# Khao Kluk Kapi



## Chopstix (Jul 30, 2006)

Here you go Urmaniac!  
 
This dish represents the quintessential Thai cuisine in that it yields a perfect balance of the following flavors: salty, sour, sweet, spicy, herby. 
 
Also if you're really stumped for ingredients, here are possible subsitutions you can try (just my own recommendations, I've never tried these
 
Shrimp paste = anchovy paste
Crunchy dried shrimps = dried fish fried to crunchy or use broken up prawn crackers or pork rind cracklings or just omit altogether
Green mango = any other fruit that's firm and sour, or omit and use lime juice instead
Lime= lemon
Fish sauce = soy sauce
Cilantro : cuccumber but only if you're desperate
Bird's eye chili = Chili powder
 
 
Recipe for Khao Kluk Kapi (Fried Rice in Shrimp Paste)
 
Ingredients:
 
4 T shrimp paste
1 T minced garlic
6-8 Cups cooked long-grain rice
¼ Cup shallots, diced
1 Cup shrimps, peeled and deveined 
1 T lime juice  
 
For the Sweet Pork:
 
300 g pork belly or loin, ½ in cubes
¼ Cup sugar
¼ Cup fish sauce
¼ Cup shallots, sliced finely
Pinch ground pepper
 
Condiments:
 
1 Cup green unripe (sour) mango, peeled and cut into fine strips or slivers
½ Cup shallots, finely sliced
¼ Cup dried shrimps (deep fried to crunchy)
¼ Cup bird’s eye chili, chopped finely
3 eggs,  scramble and cook in saute pan.  Roll up and slice into strips.
½ C cilantro leaves 
 
Procedure:
 
1.        Prep all the above condiments first..
2.        For Sweet Pork:  In a sauce pan, place pork, sugar and fish sauce.  Allow to boil at high heat then lower heat to medium.  Add shallots and pepper.  Cook until pork is cooked and sauce has thickened into syrupy glaze.
3.        For Fried Rice:  Saute garlic and shallots in oil till light golden.  Add shrimps and cook until pink.  Add rice and mix well.  Add lime juice.  Fill a cup with fried rice and invert into center of platter.
4.        Arrange sweet pork and all condiments decoratively in individual mounds around the rice.  arnish with lime wedges.
5.        To serve:  Either mix everything well in the platter first or let people pick and choose then mix in their own plates.


----------



## Shunka (Jul 30, 2006)

This reminds me of something my late FIL used to make.
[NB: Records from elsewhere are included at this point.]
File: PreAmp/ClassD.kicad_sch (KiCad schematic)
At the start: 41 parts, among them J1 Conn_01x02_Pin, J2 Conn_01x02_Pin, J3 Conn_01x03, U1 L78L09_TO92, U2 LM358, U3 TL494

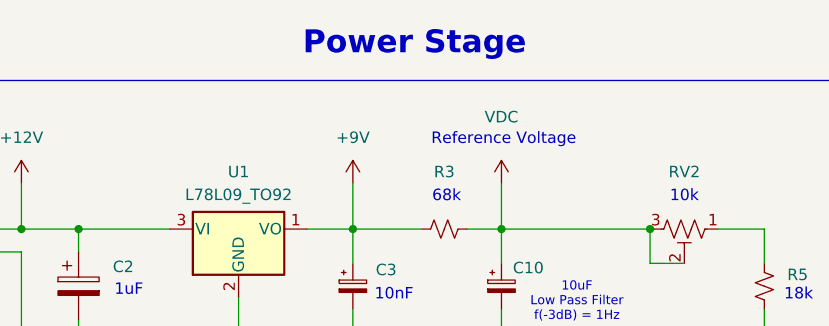
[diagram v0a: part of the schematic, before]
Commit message: Renamed pre amp input regulation
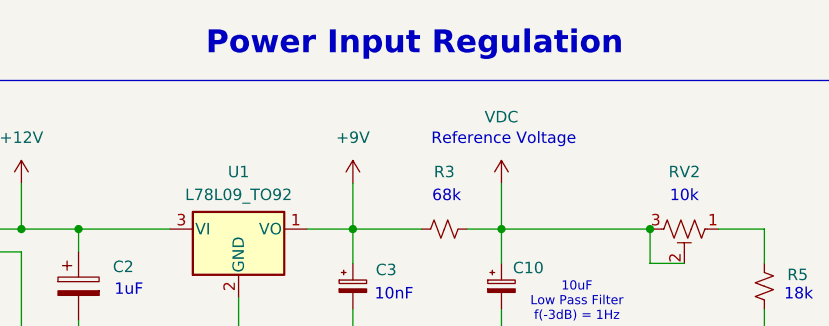
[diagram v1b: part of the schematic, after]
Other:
- note added: "Power Input Regulation"
- note removed: "Power Stage"
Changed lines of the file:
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@@
 		)
 	)
-	(text "Power Stage"
+	(text "Power Input Regulation"
 		(exclude_from_sim no)
 		(at 80.518 17.526 0)

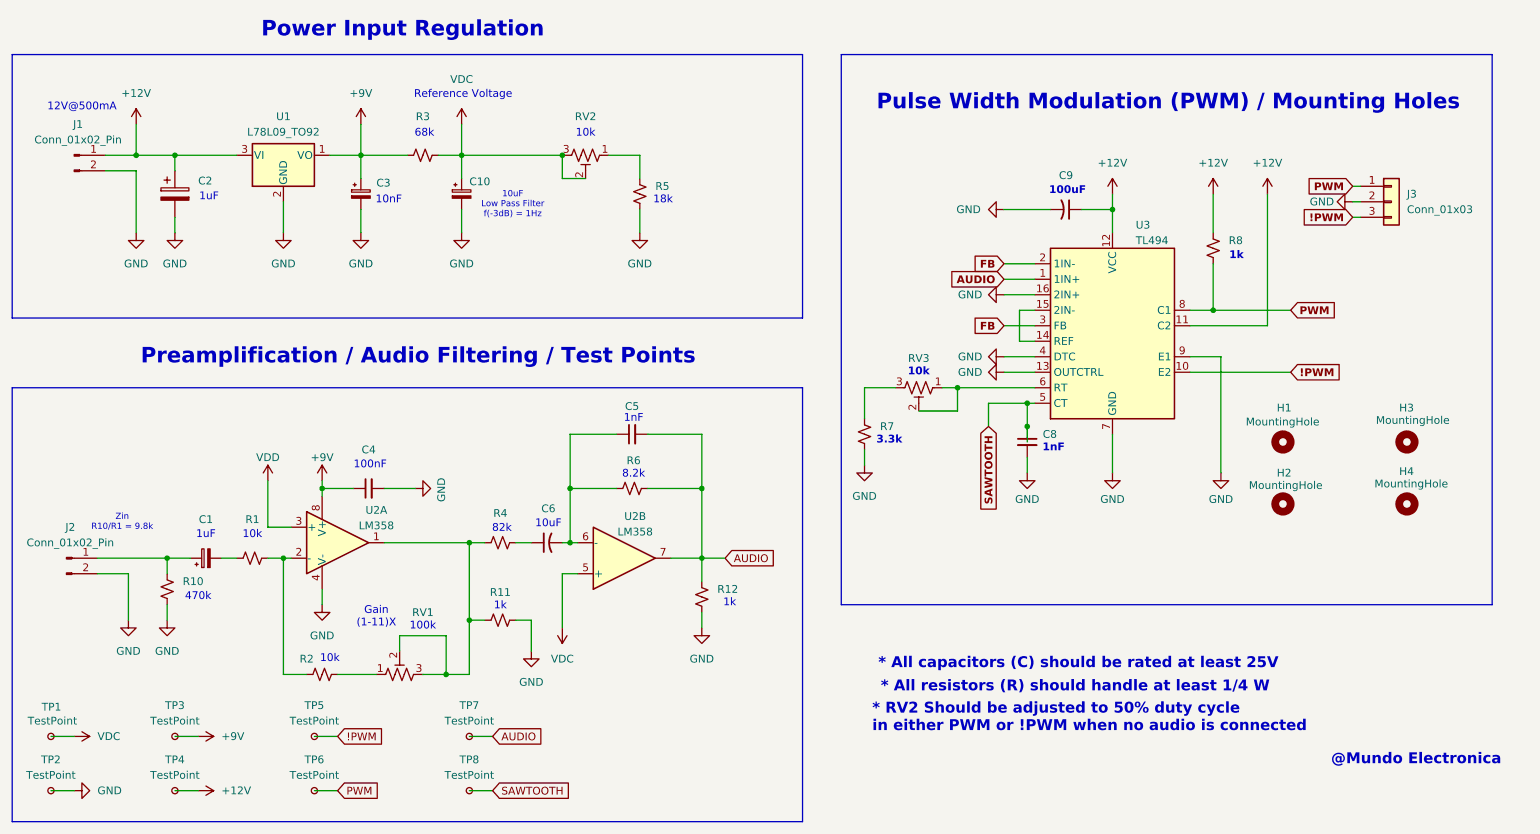
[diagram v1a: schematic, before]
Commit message: Assigned footprints to all components in Pre Amplification Stage
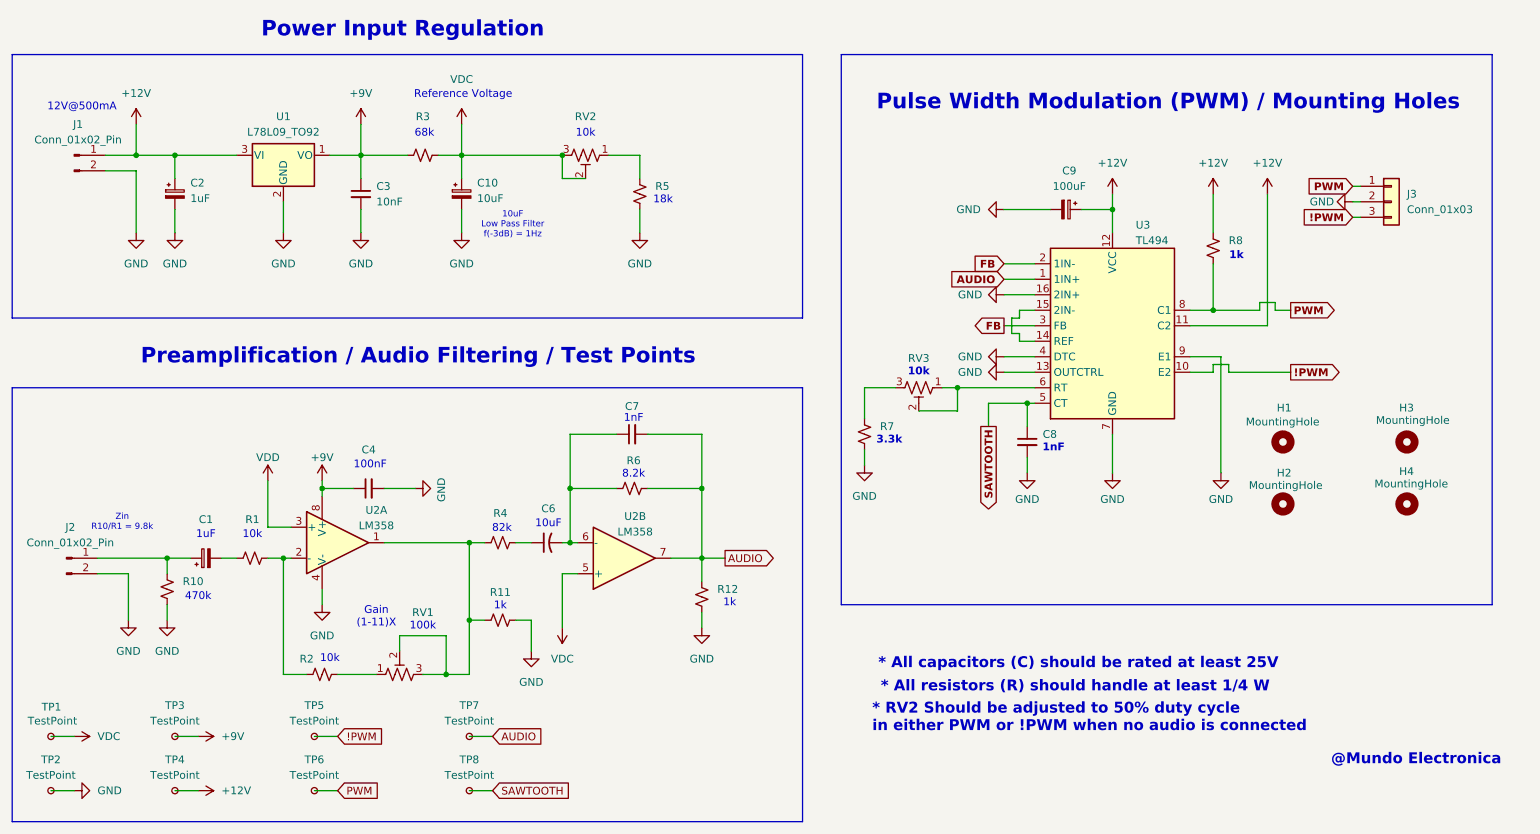
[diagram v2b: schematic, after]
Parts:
- removed C2: C_Polarized, symbol Device:C_Polarized
- removed C3: C_Polarized_Small, symbol Device:C_Polarized_Small
- removed C9: C_Small_US, symbol Device:C_Small_US
- added C2: 1uF, Capacitor_THT:CP_Radial_D5.0mm_P2.00mm, symbol Device:C_Polarized_Small
- added C3: 10nF, Capacitor_THT:C_Disc_D3.8mm_W2.6mm_P2.50mm, symbol Device:C_Small
- added C9: 100uF, Capacitor_THT:CP_Radial_D8.0mm_P3.50mm, symbol Device:C_Polarized_Small
- C1, C6: footprint (none) -> Capacitor_THT:CP_Radial_D5.0mm_P2.00mm
- C10: value C_Polarized_Small -> 10uF; footprint (none) -> Capacitor_THT:CP_Radial_D5.0mm_P2.00mm
- C4: footprint (none) -> Capacitor_THT:C_Disc_D5.0mm_W2.5mm_P5.00mm
- C7: renamed from C5; footprint (none) -> Capacitor_THT:C_Disc_D3.8mm_W2.6mm_P2.50mm
- C8: footprint (none) -> Capacitor_THT:C_Disc_D3.8mm_W2.6mm_P2.50mm
- H1, H2, H3, H4: footprint (none) -> MountingHole:MountingHole_3.2mm_M3_Pad_Via
- J1: footprint (none) -> Connector_BarrelJack:BarrelJack_GCT_DCJ200-10-A_Horizontal
- J2, J3: footprint (none) -> Connector_JST:JST_XH_B3B-XH-A_1x03_P2.50mm_Vertical
- R1, R10, R11, R12, R2, R3, R4, R5, R6, R7, R8: footprint (none) -> Resistor_THT:R_Axial_DIN0204_L3.6mm_D1.6mm_P7.62mm_Horizontal
- RV1, RV2, RV3: footprint (none) -> Potentiometer_THT:Potentiometer_Bourns_3296W_Vertical
- TP1, TP2, TP3, TP4, TP5, TP6, TP7, TP8: footprint (none) -> TestPoint:TestPoint_THTPad_D2.0mm_Drill1.0mm
- U1: footprint Package_TO_SOT_THT:TO-92_Inline -> Package_TO_SOT_THT:TO-92_Inline_Wide
- U2: footprint (none) -> Package_DIP:DIP-8_W7.62mm_Socket
- U3: footprint (none) -> Package_DIP:DIP-18_W7.62mm_Socket
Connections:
- net +12V: now also C2.1, C9.1
- net +9V: now also C3.1
- net GND: now also C2.2, C3.2, C9.2
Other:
- note removed: "100uF"
- note removed: "10nF"

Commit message: Fixed audio jack to 2 pins
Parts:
- J2: footprint Connector_JST:JST_XH_B3B-XH-A_1x03_P2.50mm_Vertical -> Connector_JST:JST_XH_B2B-XH-A_1x02_P2.50mm_Vertical
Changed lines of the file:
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@@
 			)
 		)
-		(property "Footprint" "Connector_JST:JST_XH_B3B-XH-A_1x03_P2.50mm_Vertical"
+		(property "Footprint" "Connector_JST:JST_XH_B2B-XH-A_1x02_P2.50mm_Vertical"
 			(at 25.4 104.14 0)
 			(effects

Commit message: Added pictures, and write-up
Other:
- note added: "F=1/(2πRC)"
- note added: "~ 15.9Hz"
- note removed: "82k"
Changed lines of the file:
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@@
+		)
+	)
+	(text "~ 15.9Hz"
+		(exclude_from_sim no)
+		(at 50.546 115.824 0)
+		(effects
+			(font
+				(size 1.27 1.27)
+			)
 		)
 	)
@@
 		)
 	)
+	(text "F=1/(2πRC)"
+		(exclude_from_sim no)
+		(at 51.816 113.284 0)
+		(effects
+			(font
+				(size 1.27 1.27)
+			)
+		)
+	)
 	(text "@Mundo Electronica"
 		(exclude_from_sim no)
@@
 		)
 	)
-	(text "82k"
+	(text "8.2k"
 		(exclude_from_sim no)
 		(at 96.774 99.314 0)

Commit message: Fixed gain on second op-amp
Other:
- note removed: "10uF"
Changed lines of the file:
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@@
 		)
 	)
-	(text "10uF"
+	(text "1uF"
 		(exclude_from_sim no)
 		(at 104.394 98.552 0)

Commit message: Fixed R9 and pdf
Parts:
- added R9: 1k, symbol Device:R_Small_US
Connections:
- net !PWM: now also R9.1
- net GND: now also R9.2
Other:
- moved on the sheet: H1, H2, H3, H4
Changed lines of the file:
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@@
 	)
 	(junction
+		(at 220.218 73.66)
+		(diameter 0)
+		(color 0 0 0 0)
+	)
+	(junction
 		(at 73.66 38.1)
 		(diameter 0)
@@
 	(wire
 		(pts
+			(xy 220.218 73.66) (xy 220.218 75.184)
+		)
+		(stroke
+			(width 0)
+			(type default)
+		)
+	)
+	(wire
+		(pts
 			(xy 223.52 63.5) (xy 226.06 63.5)
 		)
@@
 	(wire
 		(pts
+			(xy 220.218 73.66) (xy 226.06 73.66)
+		)
+		(stroke
+			(width 0)
+			(type default)
+		)
+	)
+	(wire
+		(pts
 			(xy 43.18 142.24) (xy 46.99 142.24)
 		)
@@
 	(wire
 		(pts
-			(xy 215.9 73.66) (xy 226.06 73.66)
+			(xy 215.9 73.66) (xy 220.218 73.66)
 		)
 		(stroke
@@
 	(wire
 		(pts
+			(xy 220.218 80.264) (xy 220.218 81.534)
+		)
+		(stroke
+			(width 0)
+			(type default)
+		)
+	)
+	(wire
+		(pts
 			(xy 36.83 40.64) (xy 36.83 50.8)
 		)
@@
 	)
 	(symbol
+		(lib_id "power:GND")
+		(at 220.218 81.534 0)
+		(unit 1)
+		(exclude_from_sim no)
+		(in_bom yes)
+		(on_board yes)
+		(dnp no)
+		(fields_autoplaced yes)
+		(property "Reference" "#PWR035"
+			(at 220.218 87.884 0)
+			(effects
+				(font
+					(size 1.27 1.27)
+				)
+				(hide yes)
+			)
+		)
+		(property "Value" "GND"
+			(at 220.218 86.36 0)
+			(effects
+				(font
+					(size 1.27 1.27)
+				)
+			)
+		)
+		(property "Footprint" ""
+			(at 220.218 81.534 0)
+			(effects
+				(font
+					(size 1.27 1.27)
+				)
+				(hide yes)
+			)
+		)
+		(property "Datasheet" ""
+			(at 220.218 81.534 0)
+			(effects
+				(font
+					(size 1.27 1.27)
+				)
+				(hide yes)
+			)
+		)
+		(property "Description" "Power symbol creates a global label with name \"GND\" , ground"
+			(at 220.218 81.534 0)
+			(effects
+				(font
+					(size 1.27 1.27)
+				)
+				(hide yes)
+			)
+		)
+		(pin "1"
+		)
+		(instances
+			(project ""
+				(path "/fdc31853-4cdf-4258-8ce4-3d650134335c"
+					(reference "#PWR035")
+					(unit 1)
+				)
+			)
+		)
+	)
+	(symbol
 		(lib_id "Device:C_Small")
 		(at 118.11 83.82 90)
@@
 	(symbol
 		(lib_id "Mechanical:MountingHole")
-		(at 245.11 95.25 0)
+		(at 245.364 105.664 0)
 		(unit 1)
 		(exclude_from_sim no)
@@
 		(dnp no)
 		(property "Reference" "H4"
-			(at 243.84 89.916 0)
+			(at 244.094 100.33 0)
 			(effects
 				(font
@@
 		)
 		(property "Value" "MountingHole"
-			(at 239.776 91.948 0)
+			(at 240.03 102.362 0)
 			(effects
 				(font
@@
 		)
 		(property "Footprint" "MountingHole:MountingHole_3.2mm_M3_Pad_Via"
-			(at 245.11 95.25 0)
+			(at 245.364 105.664 0)
 			(effects
 				(font
@@
 		)
 		(property "Datasheet" "~"
-			(at 245.11 95.25 0)
+			(at 245.364 105.664 0)
 			(effects
 				(font
@@
 		)
 		(property "Description" "Mounting Hole without connection"
-			(at 245.11 95.25 0)
+			(at 245.364 105.664 0)
 			(effects
 				(font
@@
 	(symbol
 		(lib_id "Mechanical:MountingHole")
-		(at 224.79 85.09 0)
+		(at 225.044 95.504 0)
 		(unit 1)
 		(exclude_from_sim no)
@@
 		(dnp no)
 		(property "Reference" "H1"
-			(at 223.774 79.502 0)
+			(at 224.028 89.916 0)
 			(effects
 				(font
@@
 		)
 		(property "Value" "MountingHole"
-			(at 218.694 81.788 0)
+			(at 218.948 92.202 0)
 			(effects
 				(font
@@
 		)
 		(property "Footprint" "MountingHole:MountingHole_3.2mm_M3_Pad_Via"
-			(at 224.79 85.09 0)
+			(at 225.044 95.504 0)
 			(effects
 				(font
@@
 		)
 		(property "Datasheet" "~"
-			(at 224.79 85.09 0)
+			(at 225.044 95.504 0)
 			(effects
 				(font
@@
 		)
 		(property "Description" "Mounting Hole without connection"
-			(at 224.79 85.09 0)
+			(at 225.044 95.504 0)
 			(effects
 				(font
@@
 	(symbol
 		(lib_id "Mechanical:MountingHole")
-		(at 245.11 85.09 0)
+		(at 245.364 95.504 0)
 		(unit 1)
 		(exclude_from_sim no)
@@
 		(dnp no)
 		(property "Reference" "H3"
-			(at 243.84 79.502 0)
+			(at 244.094 89.916 0)
 			(effects
 				(font
@@
 		)
 		(property "Value" "MountingHole"
-			(at 240.03 81.534 0)
+			(at 240.284 91.948 0)
 			(effects
 				(font
@@
 		)
 		(property "Footprint" "MountingHole:MountingHole_3.2mm_M3_Pad_Via"
-			(at 245.11 85.09 0)
+			(at 245.364 95.504 0)
 			(effects
 				(font
@@
 		)
 		(property "Datasheet" "~"
-			(at 245.11 85.09 0)
+			(at 245.364 95.504 0)
 			(effects
 				(font
@@
 		)
 		(property "Description" "Mounting Hole without connection"
-			(at 245.11 85.09 0)
+			(at 245.364 95.504 0)
 			(effects
 				(font
@@
 	)
 	(symbol
+		(lib_id "Device:R_Small_US")
+		(at 220.218 77.724 0)
+		(unit 1)
+		(exclude_from_sim no)
+		(in_bom yes)
+		(on_board yes)
+		(dnp no)
+		(fields_autoplaced yes)
+		(property "Reference" "R9"
+			(at 222.25 76.4539 0)
+			(effects
+				(font
+					(size 1.27 1.27)
+				)
+				(justify left)
+			)
+		)
+		(property "Value" "1k"
+			(at 222.25 78.9939 0)
+			(effects
+				(font
+					(size 1.27 1.27)
+				)
+				(justify left)
+			)
+		)
+		(property "Footprint" ""
+			(at 220.218 77.724 0)
+			(effects
+				(font
+					(size 1.27 1.27)
+				)
+				(hide yes)
+			)
+		)
+		(property "Datasheet" "~"
+			(at 220.218 77.724 0)
+			(effects
+				(font
+					(size 1.27 1.27)
+				)
+				(hide yes)
+			)
+		)
+		(property "Description" "Resistor, small US symbol"
+			(at 220.218 77.724 0)
+			(effects
+				(font
+					(size 1.27 1.27)
+				)
+				(hide yes)
+			)
+		)
+		(pin "2"
+		)
+		(pin "1"
+		)
+		(instances
+			(project ""
+				(path "/fdc31853-4cdf-4258-8ce4-3d650134335c"
+					(reference "R9")
+					(unit 1)
+				)
+			)
+		)
+	)
+	(symbol
 		(lib_id "Amplifier_Operational:LM358")
 		(at 116.84 104.14 0)
@@
 	(symbol
 		(lib_id "Mechanical:MountingHole")
-		(at 224.79 95.25 90)
+		(at 225.044 105.664 90)
 		(unit 1)
 		(exclude_from_sim no)
@@
 		(dnp no)
 		(property "Reference" "H2"
-			(at 223.774 90.17 90)
+			(at 224.028 100.584 90)
 			(effects
 				(font
@@
 		)
 		(property "Value" "MountingHole"
-			(at 219.202 92.202 90)
+			(at 219.456 102.616 90)
 			(effects
 				(font
@@
 		)
 		(property "Footprint" "MountingHole:MountingHole_3.2mm_M3_Pad_Via"
-			(at 224.79 95.25 0)
+			(at 225.044 105.664 0)
 			(effects
 				(font
@@
 		)
 		(property "Datasheet" "~"
-			(at 224.79 95.25 0)
+			(at 225.044 105.664 0)
 			(effects
 				(font
@@
 		)
 		(property "Description" "Mounting Hole without connection"
-			(at 224.79 95.25 0)
+			(at 225.044 105.664 0)
 			(effects
 				(font

He grew up on Sumatra and cooked many Indonesian dishes. BTW, thank you for posting your recipe!!! Looks great!!


----------



## DaCook (Jul 30, 2006)

Thanks for that Chopstix!


----------



## urmaniac13 (Aug 22, 2006)

Awww, Chops, how I missed this!!  Thanks so much!!  We live near an exotic quarter with shops which sell lots of ethnic, unusual items with reasonable costs, I think I have seen most of the ingredients, except for the shrimp paste.  I have also seen the crunchy dried shrimp in the market at a stall run by some african folks, we were interested and wondering what we could do with them... now we have the answer!  We would definetely try this when we get a chance.  Thanks again!!


----------



## Chopstix (Aug 22, 2006)

Good luck Urmaniac!  Tell me about it when you do!  If you can't find shrimp paste, just use anchovy paste.  Also, don't forget to deep fry the dried shrimps to crunchy.


----------



## urmaniac13 (Oct 19, 2006)

Chops, I finally tried this, though it was slightly modified, it came out absolutely delicious, we loved it!!
The only thing we couldn't find was the shrimp paste, and I really don't care for anchovy paste, therefore I tried the oyster sauce instead (I have used it before for stir fries etc. and liked it). I am not sure if that would have changed the flavour too drastically, but to us it worked very well and gave a nice flavour.
And we just used a left over pork roast, coated with some ginger/brown sugar/indonesian soy sauce mix and re-sauteed, it was very good but the next time I will try to prepare it properly.
I really hope that anyone who tries this recipe can find those crunchy dried shrimps, though I imagine it is rather rare (we found them at a stall ran by north-western africans in the market)... it definitely give a wonderful, distinct flavour.

Thanks again Chops, it was a big hit, we sure will do this again, and again!!


----------



## Chopstix (Oct 19, 2006)

That's wonderful Licia!  Yes, the oyster sauce would be a good replacement if you don't like shrimpy fishy smells.  I'm very happy that it was a big hit!  Thank you for trying this.  Btw, sprinkling lime juice over the whole rice mix before eating would improve the flavor and cut down any shrimpy fishy smells too.  I think now you're ready for Mieng Kham


----------